# KEY_DOWN_OCT pitch shifting problem



## zzprod (Jul 30, 2012)

hi
Just starting playing with scripts after reading nils scripting tutorial.
What I'm trying to do is to have Kontakt lower the tune of a selected note in all octaves. I'm almost there, but after lowering the note, sometimes it affects also the adjacent note (if I play legato).
How can I solve this problem?
here it is:

on init
make_perfview
declare ui_button $C
declare ui_button $Db
declare ui_button $D
declare ui_button $Eb
declare ui_button $E
declare ui_button $F
declare ui_button $Gb
declare ui_button $G
declare ui_button $Ab
declare ui_button $A
declare ui_button $Bb
declare ui_button $B
end on

on note
if ($C=1 and (%KEY_DOWN_OCT[0]=1))
change_tune($EVENT_ID,-50000,0)
end if
if ($Db=1 and (%KEY_DOWN_OCT[1]=1))
change_tune($EVENT_ID,-50000,0)
end if
if ($D=1 and (%KEY_DOWN_OCT[2]=1))
change_tune($EVENT_ID,-50000,0)
end if
if ($Eb=1 and (%KEY_DOWN_OCT[3]=1))
change_tune($EVENT_ID,-50000,0)
end if
if ($E=1 and (%KEY_DOWN_OCT[4]=1))
change_tune($EVENT_ID,-50000,0)
end if
if ($F=1 and (%KEY_DOWN_OCT[5]=1))
change_tune($EVENT_ID,-50000,0)
end if
if ($Gb=1 and (%KEY_DOWN_OCT[6]=1))
change_tune($EVENT_ID,-50000,0)
end if
if ($G=1 and (%KEY_DOWN_OCT[7]=1))
change_tune($EVENT_ID,-50000,0)
end if
if ($Ab=1 and (%KEY_DOWN_OCT[8]=1))
change_tune($EVENT_ID,-50000,0)
end if
if ($A=1 and (%KEY_DOWN_OCT[9]=1))
change_tune($EVENT_ID,-50000,0)
end if
if ($Bb=1 and (%KEY_DOWN_OCT[10]=1))
change_tune($EVENT_ID,-50000,0)
end if
if ($B=1 and (%KEY_DOWN_OCT[11]=1))
change_tune($EVENT_ID,-50000,0)
end if

message("%KEY_DOWN_OCT state: " & %KEY_DOWN_OCT[0] & " " & %KEY_DOWN_OCT[1] & " " & %KEY_DOWN_OCT[2] & " " & %KEY_DOWN_OCT[3] & " " & %KEY_DOWN_OCT[4] & " " & %KEY_DOWN_OCT[5] & " " & %KEY_DOWN_OCT[6] & " " & %KEY_DOWN_OCT[7] & " " & %KEY_DOWN_OCT[8] & " " & %KEY_DOWN_OCT[9] & " " & %KEY_DOWN_OCT[10] & " " & %KEY_DOWN_OCT[11])
end on


----------



## ScoringFilm (Jul 30, 2012)

@zzprod,

You mention playing legato; is there any other script at work here, either before or after this one? The reason I ask is because many scripts are simply incompatible/contradictory and will cause unpredictable results.

Regards,

Justin


----------



## zzprod (Jul 30, 2012)

No, there isn't any other script, and it happen just when I play legato.


----------



## ScoringFilm (Jul 30, 2012)

OK,

You may need an array to store each note's properties. At the moment the script just reacts to the $EVENT_ID which may be the problem.

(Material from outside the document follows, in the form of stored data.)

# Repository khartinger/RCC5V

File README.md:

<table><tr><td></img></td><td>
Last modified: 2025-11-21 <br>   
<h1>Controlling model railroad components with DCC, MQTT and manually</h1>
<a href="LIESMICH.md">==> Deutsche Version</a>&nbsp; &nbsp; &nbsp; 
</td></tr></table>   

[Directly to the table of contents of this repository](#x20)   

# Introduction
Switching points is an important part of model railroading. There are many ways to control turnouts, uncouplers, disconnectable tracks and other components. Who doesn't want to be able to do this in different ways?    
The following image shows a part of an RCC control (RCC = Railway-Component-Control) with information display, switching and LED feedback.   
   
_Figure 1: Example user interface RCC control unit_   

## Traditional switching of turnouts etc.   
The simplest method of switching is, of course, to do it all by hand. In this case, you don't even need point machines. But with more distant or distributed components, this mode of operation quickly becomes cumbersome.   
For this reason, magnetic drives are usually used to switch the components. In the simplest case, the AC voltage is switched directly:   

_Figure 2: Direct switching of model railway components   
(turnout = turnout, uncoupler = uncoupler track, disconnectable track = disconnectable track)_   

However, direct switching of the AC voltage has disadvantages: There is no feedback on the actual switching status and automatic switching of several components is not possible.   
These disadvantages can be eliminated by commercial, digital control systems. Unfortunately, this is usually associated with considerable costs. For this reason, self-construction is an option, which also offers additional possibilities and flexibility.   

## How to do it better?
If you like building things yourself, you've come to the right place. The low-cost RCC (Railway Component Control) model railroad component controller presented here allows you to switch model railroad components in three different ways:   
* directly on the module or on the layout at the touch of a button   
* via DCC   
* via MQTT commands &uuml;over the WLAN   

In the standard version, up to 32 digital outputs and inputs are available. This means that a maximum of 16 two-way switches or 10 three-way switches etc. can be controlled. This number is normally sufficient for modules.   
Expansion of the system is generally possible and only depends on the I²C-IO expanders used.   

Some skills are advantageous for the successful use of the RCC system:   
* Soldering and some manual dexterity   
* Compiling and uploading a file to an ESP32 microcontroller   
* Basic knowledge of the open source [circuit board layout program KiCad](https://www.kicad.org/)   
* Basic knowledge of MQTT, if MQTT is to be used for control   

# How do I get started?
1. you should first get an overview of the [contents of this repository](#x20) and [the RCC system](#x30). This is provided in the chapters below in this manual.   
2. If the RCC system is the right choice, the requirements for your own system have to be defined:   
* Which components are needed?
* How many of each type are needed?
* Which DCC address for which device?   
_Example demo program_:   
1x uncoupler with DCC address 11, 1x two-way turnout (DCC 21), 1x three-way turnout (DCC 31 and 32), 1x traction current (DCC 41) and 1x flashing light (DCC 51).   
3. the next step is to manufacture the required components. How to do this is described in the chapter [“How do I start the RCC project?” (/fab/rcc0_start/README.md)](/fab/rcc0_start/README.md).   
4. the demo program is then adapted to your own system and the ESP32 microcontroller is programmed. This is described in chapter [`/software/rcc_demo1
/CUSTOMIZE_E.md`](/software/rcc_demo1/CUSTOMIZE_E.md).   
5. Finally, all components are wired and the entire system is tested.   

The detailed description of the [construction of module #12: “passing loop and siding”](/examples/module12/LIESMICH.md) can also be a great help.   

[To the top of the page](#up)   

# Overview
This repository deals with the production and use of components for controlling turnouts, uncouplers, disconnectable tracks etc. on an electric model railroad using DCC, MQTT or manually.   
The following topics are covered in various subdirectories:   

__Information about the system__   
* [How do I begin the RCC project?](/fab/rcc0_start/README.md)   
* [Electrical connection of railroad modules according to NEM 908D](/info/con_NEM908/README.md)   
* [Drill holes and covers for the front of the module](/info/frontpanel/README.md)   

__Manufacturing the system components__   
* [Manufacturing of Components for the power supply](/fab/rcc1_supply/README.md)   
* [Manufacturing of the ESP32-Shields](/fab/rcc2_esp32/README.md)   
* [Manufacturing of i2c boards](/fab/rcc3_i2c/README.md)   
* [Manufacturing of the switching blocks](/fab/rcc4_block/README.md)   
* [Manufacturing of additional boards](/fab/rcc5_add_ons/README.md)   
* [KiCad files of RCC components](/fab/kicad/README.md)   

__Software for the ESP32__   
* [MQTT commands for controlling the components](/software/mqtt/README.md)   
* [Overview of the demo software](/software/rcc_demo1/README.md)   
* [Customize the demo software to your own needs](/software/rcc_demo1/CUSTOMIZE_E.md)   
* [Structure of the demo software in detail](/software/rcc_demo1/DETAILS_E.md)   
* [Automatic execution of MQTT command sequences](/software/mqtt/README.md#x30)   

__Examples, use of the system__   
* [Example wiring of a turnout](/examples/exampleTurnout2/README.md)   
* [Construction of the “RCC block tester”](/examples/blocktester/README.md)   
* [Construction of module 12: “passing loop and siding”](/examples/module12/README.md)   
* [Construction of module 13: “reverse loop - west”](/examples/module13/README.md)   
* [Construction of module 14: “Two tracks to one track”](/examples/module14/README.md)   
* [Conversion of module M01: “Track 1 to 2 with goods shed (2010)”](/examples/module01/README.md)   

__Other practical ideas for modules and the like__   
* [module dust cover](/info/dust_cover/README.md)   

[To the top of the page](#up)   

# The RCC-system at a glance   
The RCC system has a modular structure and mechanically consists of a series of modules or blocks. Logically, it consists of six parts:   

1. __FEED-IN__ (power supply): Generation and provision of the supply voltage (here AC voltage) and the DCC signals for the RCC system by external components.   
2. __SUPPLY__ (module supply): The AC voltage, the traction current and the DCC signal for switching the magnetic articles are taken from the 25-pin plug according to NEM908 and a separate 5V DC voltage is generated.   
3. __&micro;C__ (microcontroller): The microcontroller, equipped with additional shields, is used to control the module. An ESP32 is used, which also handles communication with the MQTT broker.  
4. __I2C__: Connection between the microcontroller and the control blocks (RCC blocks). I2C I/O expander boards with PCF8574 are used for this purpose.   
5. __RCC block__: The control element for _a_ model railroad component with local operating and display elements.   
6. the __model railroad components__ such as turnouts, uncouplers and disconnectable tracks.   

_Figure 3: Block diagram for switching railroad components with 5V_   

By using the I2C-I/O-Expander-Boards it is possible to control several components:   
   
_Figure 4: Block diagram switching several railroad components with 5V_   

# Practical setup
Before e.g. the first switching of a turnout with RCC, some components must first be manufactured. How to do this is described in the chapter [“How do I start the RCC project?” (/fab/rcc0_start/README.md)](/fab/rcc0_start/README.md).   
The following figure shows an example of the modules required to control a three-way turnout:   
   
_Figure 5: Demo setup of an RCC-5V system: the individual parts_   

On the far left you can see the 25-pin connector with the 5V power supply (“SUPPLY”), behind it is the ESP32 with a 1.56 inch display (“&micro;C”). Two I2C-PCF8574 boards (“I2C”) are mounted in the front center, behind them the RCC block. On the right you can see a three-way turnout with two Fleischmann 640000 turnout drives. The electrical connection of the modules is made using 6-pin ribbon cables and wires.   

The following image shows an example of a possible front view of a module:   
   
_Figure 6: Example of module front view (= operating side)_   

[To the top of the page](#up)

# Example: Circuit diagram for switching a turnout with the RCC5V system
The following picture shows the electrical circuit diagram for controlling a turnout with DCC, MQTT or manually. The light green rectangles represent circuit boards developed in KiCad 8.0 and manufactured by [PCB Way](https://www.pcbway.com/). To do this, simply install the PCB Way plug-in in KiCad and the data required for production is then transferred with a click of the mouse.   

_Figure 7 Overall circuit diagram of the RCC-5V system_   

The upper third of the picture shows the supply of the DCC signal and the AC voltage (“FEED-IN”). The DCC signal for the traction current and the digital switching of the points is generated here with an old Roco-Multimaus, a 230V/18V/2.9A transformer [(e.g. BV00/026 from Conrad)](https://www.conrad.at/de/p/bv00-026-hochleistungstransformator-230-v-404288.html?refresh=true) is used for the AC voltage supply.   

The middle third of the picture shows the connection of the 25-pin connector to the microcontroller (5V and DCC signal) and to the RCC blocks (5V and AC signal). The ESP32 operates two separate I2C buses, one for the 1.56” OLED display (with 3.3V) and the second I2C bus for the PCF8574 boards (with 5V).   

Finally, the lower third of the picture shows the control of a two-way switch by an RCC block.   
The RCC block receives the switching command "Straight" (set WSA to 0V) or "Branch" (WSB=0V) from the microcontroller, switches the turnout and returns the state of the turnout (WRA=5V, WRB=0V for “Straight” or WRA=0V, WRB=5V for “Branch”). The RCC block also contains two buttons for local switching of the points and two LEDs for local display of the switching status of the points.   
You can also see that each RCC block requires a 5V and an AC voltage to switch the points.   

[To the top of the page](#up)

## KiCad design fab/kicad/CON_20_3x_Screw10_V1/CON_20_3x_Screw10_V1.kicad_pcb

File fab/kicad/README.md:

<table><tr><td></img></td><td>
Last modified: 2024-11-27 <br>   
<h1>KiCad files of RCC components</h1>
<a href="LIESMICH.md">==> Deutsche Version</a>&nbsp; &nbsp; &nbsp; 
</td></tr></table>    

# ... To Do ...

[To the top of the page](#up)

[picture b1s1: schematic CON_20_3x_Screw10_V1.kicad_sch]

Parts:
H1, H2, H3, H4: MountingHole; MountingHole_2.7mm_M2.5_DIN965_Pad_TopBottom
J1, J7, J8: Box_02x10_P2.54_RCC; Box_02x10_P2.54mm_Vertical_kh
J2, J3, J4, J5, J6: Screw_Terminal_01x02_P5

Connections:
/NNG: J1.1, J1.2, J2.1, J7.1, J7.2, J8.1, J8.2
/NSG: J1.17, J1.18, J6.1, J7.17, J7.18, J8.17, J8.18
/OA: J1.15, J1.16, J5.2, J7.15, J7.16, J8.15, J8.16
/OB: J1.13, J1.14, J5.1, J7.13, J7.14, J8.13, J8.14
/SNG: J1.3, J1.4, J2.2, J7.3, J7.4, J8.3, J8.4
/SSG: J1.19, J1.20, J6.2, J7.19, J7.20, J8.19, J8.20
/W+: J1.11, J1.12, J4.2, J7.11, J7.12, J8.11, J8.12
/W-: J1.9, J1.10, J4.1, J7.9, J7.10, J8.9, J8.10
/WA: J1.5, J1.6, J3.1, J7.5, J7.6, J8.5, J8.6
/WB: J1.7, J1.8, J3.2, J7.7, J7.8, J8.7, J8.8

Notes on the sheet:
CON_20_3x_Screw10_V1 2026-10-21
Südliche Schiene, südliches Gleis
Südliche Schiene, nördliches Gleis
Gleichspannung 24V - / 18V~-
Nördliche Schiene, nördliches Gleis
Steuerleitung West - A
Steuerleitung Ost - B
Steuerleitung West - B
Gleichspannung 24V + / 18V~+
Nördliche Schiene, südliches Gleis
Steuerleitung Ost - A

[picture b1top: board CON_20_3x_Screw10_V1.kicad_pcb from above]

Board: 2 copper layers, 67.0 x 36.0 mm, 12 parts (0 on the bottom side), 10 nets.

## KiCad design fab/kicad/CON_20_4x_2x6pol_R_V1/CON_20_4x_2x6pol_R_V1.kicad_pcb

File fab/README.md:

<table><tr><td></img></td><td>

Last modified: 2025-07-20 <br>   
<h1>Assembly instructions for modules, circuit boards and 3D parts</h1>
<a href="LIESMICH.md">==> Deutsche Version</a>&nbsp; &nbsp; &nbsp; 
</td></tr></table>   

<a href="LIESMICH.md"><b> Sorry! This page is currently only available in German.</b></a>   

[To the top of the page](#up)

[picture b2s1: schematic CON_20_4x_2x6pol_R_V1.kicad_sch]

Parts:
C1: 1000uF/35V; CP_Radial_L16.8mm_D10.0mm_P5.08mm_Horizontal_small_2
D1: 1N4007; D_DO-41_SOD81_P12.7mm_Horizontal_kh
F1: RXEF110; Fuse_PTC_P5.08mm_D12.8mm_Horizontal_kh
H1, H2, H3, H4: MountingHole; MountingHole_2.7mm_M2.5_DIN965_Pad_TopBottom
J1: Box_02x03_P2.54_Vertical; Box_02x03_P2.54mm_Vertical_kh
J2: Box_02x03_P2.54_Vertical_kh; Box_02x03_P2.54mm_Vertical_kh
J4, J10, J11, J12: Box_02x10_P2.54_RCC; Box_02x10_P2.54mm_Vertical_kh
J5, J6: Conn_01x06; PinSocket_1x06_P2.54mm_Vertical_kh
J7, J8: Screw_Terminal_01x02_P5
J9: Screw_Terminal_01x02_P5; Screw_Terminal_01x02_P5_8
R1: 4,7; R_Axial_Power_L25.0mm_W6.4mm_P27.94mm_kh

I'm not at my desktop at the moment so can't help. I'll have a look if I get chance tomorrow.

Regards,

Justin


----------



## Raptor4 (Jul 30, 2012)

Hi,
It seems you have posted this topic in a few KSP forums by now. I tried to reply you in the NI forum a few days ago (where my nick is Tangra) - did you read that reply ?


----------



## zzprod (Jul 30, 2012)

ScoringFilm said:


> OK,
> 
> You may need an array to store each note's properties. At the moment the script just reacts to the $EVENT_ID which may be the problem.
> 
> ...



great. thanks



Raptor4 said:


> Hi,
> It seems you have posted this topic in a few KSP forums by now. I tried to reply you in the NI forum a few days ago (where my nick is Tangra) - did you read that reply ?


thank you for the reply. I don't believe it's KEY_DOWN_OCT fault, which only signals which key is pressed. makes more sense it's $EVENT_ID which is common to all notes. I know the factory preset you mentioned but I'm trying to do it in a different way and to use the ui_button like in arabic keyboards.


----------



## mk282 (Jul 31, 2012)

$EVENT_ID has an unique value for each note that is played. It's not "common" for all notes.


----------



## Raptor4 (Jul 31, 2012)

> I don't believe it's KEY_DOWN_OCT fault, which only signals which key is pressed.


Definitely,
When you play legato sometimes you have not released the previous key so that's the issue. I tried to add a "Monophonic" feature (get it below and try), but it did not fix your problem. The monophonic feature kills the previous played note via $EVENT_ID, but physically the key is still down. So KEY_DOWN_OCT must be replaced with some other alternative, that's why I gave you an example with the factory script. Have a look at its main engine and try to redesign it using UI buttons to emulate the Arabic keyboards.

```
on init 
  declare ui_button $mono 
  declare $last_id 
  make_persistent($mono) 
end on 

on note 
  if ($mono = 1) 
    note_off($last_id) 
  end if 
  $last_id := $EVENT_ID
end on
```
Regards,

R4


----------



## zzprod (Jul 31, 2012)

mk282 @ Tue Jul 31 said:


> $EVENT_ID has an unique value for each note that is played. It's not "common" for all notes.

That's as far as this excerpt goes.